Secondary Education (State)


Undated postcard of Hobart High School, established 1913 (Tasmaniana Library, SLT)

Public education in Tasmania was limited to primary schools until 1913, when selective state high schools in Hobart and Launceston accepted their first students. A Council of Education had been established in 1860 to encourage the growth of higher education. It conducted examinations for children aged about 13, 16 and 19 (the last for two scholarships to English universities). On average, only about fifteen students each year qualified for the certificates it awarded, almost all from independent schools. Towards the end of the century, the government offered a small number of scholarships for state school graduates to study at a private secondary school.

There had always been a few students completing the primary curriculum before reaching the school-leaving age, and some of these had stayed on doing extra study. In 1910 a Seventh Class was introduced, not merely to encourage students, and their parents, to look beyond the primary school, but to demonstrate that significant demand for this existed. This achieved both aims, and soon afterwards the high schools were established. There was surprisingly little opposition from the independent school sector, which felt it would cater to a different class of student.

The high schools initially offered five career-based courses: academic, teaching, commercial, industrial, and domestic. Enrolments were encouraging, although a small proportion of those completing primary school, and there was soon a concern that many did not stay to complete the courses. High schools opened in Burnie and Devonport in 1916, although at first these were 'intermediate' (two years rather than four). In 1919 the industrial course was transferred to new junior technical schools in Hobart, Launceston, Queenstown and Zeehan. The domestic course was a complete failure and was abandoned, although domestic science was made a compulsory subject for girls. The academic and teaching courses were merged during the 1920s. From 1922 courses were extended to three years for a new Intermediate Certificate, followed by two years leading to the Leaving examination.

Enrolments increased steadily and by the mid-1930s there were insufficient places available for all those who achieved the entrance standard. To relieve the pressure, a separate commercial high school was opened at New Town in Hobart (later renamed the A.G. Ogilvie Memorial High School in honour of the late premier). Despite some early criticisms the schools were widely accepted and their graduates well regarded. In style, they seemed more to resemble their private counterparts than not, although they had a distinctively meritocratic air. In the late 1930s a struggle took place for the control of the curriculum between the Education Department, which favoured a broader general education, and the University. The Department won control of the Intermediate years, and at the end of the war extended this to the first four years, leaving the fifth year and matriculation in the hands of the University.

The Department's reformers also had plans for those children who did not progress beyond primary school. Area schools in rural districts in the late 1930s offered a post-primary curriculum based on practical subjects and citizenship, and the raising of the leaving age to 16 in 1946 saw the introduction of their urban equivalent: the modern schools. While this completed the structure envisaged by the reformers four decades earlier, there were social and economic changes in the wind which would lead to further changes.
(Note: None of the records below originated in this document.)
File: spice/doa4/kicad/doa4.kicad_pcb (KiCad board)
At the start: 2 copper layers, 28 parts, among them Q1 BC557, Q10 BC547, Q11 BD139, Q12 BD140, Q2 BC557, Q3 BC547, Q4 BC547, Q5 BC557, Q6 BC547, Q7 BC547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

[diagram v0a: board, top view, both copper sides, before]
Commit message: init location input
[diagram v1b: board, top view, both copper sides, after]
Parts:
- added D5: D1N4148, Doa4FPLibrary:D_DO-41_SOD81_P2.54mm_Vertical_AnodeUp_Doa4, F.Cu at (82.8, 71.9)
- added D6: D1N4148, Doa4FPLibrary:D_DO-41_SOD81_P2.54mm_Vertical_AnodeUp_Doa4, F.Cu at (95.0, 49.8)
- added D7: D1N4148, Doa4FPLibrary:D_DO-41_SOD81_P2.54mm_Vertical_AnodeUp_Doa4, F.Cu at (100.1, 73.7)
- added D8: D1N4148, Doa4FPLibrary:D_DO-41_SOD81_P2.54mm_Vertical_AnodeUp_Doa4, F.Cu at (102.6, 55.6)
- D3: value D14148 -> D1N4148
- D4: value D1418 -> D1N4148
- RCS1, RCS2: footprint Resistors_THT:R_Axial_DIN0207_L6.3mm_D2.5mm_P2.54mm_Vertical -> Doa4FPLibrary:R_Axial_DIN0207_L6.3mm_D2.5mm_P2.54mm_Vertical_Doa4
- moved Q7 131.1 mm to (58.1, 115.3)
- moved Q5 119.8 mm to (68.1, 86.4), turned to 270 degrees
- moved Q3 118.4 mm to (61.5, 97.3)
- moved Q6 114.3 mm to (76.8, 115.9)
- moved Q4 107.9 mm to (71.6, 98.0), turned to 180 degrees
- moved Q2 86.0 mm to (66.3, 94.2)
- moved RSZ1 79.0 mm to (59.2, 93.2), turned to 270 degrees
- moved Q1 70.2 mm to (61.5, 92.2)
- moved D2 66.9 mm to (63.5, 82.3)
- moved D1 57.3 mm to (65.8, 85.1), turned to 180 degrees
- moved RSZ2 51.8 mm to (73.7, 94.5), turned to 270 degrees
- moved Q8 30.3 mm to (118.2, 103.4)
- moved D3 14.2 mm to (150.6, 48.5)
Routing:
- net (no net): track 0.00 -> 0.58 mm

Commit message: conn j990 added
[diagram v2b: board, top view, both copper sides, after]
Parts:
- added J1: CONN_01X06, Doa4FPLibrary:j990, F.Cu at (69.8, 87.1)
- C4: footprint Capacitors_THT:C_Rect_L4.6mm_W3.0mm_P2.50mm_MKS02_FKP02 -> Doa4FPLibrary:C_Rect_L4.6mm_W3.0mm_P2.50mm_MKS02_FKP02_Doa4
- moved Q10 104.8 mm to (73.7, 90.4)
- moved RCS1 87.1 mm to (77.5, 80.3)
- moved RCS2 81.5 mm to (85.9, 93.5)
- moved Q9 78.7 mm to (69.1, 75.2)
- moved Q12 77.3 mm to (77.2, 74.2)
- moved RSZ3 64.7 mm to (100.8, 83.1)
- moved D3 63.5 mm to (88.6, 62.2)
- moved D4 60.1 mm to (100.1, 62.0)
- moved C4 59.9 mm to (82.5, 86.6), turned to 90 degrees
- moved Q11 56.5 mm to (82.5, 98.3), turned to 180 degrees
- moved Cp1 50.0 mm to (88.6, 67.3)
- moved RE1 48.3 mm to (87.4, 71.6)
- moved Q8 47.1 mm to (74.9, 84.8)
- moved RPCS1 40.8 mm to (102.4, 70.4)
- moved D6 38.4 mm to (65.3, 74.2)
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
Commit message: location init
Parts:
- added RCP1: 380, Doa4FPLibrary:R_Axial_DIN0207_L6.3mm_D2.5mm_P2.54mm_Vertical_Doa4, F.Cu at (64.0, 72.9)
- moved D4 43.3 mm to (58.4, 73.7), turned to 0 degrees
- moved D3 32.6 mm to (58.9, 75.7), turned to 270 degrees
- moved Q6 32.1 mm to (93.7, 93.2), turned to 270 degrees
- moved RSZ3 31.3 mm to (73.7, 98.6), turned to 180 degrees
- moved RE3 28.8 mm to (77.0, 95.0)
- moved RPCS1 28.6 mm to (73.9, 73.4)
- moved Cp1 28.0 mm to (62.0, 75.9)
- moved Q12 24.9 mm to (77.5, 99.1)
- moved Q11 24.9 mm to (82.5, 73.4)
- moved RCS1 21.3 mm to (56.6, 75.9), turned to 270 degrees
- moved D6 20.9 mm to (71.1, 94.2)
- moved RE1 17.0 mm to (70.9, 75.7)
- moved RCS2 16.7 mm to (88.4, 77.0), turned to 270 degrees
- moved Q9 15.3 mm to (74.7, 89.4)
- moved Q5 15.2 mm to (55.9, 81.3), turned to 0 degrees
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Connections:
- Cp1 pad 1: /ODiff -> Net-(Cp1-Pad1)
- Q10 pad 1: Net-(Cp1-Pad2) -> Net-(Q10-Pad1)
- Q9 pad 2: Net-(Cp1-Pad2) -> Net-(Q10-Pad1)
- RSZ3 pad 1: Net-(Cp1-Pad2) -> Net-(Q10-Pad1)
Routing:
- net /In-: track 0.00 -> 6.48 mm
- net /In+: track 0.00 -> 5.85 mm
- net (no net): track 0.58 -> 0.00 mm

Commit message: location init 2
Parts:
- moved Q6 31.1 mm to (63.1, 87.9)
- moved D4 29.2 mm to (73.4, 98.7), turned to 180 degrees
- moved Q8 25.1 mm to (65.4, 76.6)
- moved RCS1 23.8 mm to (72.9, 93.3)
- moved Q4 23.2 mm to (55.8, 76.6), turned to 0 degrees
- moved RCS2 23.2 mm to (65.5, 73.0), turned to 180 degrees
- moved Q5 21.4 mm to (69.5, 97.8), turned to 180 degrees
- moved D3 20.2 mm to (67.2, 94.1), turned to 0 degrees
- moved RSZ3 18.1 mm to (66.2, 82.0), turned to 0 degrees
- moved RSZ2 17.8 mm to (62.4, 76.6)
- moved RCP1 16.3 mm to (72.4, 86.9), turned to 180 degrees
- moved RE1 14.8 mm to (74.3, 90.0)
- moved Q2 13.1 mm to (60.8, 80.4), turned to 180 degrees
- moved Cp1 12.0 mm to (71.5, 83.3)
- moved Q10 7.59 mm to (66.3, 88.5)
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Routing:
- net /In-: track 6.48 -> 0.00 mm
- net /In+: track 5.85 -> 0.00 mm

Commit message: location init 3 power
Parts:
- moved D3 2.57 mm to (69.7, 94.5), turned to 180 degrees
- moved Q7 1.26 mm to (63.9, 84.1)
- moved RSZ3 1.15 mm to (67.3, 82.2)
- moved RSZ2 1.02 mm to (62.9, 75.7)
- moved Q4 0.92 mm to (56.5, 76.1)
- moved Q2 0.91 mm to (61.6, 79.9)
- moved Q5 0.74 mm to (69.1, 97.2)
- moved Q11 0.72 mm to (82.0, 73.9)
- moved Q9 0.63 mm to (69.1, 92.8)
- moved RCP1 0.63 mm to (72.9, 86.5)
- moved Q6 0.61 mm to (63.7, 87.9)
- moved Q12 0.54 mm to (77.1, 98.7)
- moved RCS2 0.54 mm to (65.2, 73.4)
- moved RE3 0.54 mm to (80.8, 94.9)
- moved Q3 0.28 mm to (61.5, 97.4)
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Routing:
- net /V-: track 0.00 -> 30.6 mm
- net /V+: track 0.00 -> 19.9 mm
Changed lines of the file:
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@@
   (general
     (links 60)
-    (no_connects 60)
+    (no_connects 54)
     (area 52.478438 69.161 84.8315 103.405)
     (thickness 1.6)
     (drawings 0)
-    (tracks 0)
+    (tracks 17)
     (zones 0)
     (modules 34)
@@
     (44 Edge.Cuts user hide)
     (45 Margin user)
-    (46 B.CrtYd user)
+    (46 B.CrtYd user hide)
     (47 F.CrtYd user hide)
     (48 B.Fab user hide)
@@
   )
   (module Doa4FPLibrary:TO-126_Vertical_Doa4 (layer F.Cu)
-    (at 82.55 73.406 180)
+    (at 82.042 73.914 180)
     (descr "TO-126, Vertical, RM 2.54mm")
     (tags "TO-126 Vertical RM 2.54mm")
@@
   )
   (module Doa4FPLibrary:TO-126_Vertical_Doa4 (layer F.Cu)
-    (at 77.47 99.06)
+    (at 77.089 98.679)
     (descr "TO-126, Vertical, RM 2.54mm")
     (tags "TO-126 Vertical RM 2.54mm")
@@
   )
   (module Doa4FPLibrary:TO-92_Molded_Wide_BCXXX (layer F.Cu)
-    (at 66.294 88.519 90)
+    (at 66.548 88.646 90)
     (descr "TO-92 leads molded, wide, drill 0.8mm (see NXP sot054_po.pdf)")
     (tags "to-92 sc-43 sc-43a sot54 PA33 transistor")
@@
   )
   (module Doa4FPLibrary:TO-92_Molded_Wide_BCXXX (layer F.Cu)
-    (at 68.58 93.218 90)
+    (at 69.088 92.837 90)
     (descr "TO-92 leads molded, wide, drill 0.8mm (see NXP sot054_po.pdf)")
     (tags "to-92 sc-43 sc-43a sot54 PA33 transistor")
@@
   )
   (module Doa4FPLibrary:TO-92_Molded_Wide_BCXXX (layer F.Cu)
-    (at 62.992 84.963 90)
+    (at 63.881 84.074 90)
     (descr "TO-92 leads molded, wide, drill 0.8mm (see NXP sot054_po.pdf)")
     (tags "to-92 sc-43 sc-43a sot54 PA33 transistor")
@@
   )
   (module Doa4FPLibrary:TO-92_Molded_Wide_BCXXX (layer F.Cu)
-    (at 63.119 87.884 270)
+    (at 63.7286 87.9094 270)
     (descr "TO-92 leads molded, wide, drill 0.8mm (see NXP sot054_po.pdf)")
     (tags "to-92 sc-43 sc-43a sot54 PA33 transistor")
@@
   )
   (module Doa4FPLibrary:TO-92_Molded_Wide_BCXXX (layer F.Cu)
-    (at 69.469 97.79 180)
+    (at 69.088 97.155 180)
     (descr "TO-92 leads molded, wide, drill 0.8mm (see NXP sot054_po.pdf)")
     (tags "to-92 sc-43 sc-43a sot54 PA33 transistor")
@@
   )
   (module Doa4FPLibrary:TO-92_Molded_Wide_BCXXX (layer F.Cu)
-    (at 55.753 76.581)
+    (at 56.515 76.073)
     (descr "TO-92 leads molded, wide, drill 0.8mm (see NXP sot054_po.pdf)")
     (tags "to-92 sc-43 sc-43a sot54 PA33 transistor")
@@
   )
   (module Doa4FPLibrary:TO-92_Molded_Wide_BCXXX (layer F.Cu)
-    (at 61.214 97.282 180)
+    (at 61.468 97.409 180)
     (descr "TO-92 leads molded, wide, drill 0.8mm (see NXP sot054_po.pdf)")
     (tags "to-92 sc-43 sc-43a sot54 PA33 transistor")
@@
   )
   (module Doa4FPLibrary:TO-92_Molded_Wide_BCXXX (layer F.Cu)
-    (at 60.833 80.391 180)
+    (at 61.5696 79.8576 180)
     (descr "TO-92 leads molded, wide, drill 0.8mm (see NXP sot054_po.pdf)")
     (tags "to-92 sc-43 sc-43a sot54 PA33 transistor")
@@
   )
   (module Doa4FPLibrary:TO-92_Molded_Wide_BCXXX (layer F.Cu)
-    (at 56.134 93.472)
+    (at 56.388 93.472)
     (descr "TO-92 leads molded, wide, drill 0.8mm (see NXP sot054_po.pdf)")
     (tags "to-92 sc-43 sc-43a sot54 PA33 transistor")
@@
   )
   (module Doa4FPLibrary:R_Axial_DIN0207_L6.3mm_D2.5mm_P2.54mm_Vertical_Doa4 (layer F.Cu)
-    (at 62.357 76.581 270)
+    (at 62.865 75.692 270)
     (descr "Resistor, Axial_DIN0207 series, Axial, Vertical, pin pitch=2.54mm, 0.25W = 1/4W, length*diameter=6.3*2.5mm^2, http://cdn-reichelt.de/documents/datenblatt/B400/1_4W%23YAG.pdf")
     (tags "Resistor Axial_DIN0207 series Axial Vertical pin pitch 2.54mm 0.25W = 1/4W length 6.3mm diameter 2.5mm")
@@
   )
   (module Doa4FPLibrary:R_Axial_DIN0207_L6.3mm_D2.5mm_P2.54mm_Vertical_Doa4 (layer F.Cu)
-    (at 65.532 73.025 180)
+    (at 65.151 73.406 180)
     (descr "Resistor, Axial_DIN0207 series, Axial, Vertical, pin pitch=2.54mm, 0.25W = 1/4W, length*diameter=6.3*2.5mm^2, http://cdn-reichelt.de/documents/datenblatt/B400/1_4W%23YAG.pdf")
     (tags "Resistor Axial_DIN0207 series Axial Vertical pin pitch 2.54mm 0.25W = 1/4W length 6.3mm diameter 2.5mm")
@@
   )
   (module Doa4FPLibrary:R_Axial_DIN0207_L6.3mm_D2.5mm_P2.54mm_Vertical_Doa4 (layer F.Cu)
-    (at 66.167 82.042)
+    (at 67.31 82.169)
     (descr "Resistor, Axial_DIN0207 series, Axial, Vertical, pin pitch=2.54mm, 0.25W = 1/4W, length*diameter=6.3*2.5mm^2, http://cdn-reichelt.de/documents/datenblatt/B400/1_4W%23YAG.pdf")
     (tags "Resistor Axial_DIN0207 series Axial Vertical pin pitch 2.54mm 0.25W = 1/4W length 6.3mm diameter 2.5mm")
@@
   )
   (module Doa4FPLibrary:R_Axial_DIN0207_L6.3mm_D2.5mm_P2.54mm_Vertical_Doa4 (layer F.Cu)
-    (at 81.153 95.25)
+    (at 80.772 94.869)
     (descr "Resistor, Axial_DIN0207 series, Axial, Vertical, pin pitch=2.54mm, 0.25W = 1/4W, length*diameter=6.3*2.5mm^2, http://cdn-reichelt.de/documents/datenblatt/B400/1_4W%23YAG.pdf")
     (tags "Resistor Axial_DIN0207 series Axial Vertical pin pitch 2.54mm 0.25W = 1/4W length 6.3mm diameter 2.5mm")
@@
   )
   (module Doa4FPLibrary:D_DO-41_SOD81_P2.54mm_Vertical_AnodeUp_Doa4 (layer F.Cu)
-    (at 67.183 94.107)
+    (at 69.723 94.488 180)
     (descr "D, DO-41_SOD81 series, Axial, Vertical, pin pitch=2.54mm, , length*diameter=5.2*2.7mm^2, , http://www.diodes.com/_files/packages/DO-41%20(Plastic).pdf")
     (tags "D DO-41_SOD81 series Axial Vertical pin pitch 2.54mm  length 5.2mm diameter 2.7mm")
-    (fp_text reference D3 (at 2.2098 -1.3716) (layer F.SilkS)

While the area schools had been a big success and the modern schools were admirable in their own way, neither was suited to the aspirations of the post-war world, and they came to be regarded as second-class, especially as many students were being denied high school places only because there were too few available.

The solution was the gradual adoption of the district and comprehensive principles, whereby all students attended a local high school which offered courses to suit all needs. The many new schools built to cope with the baby-boom generations began on this basis, and the existing specialist schools gradually adopted it. New Town (technical) and Ogilvie (commercial) high schools in Hobart became the only Tasmanian state single-sex high schools because of the existing composition of their student intakes (no girls at the former, very few boys at the latter). The growing demand for study at the academic level led to the establishment of matriculation colleges in the larger centres: the four original selective high schools were transformed into the new colleges, and the remaining high schools catered for the first four years of secondary schooling, up to the compulsory age. At the time of writing this structure remains in place, though there have been many changes in the style and curriculum of the high schools, and most students now stay at school to Year 12, beyond the compulsory age.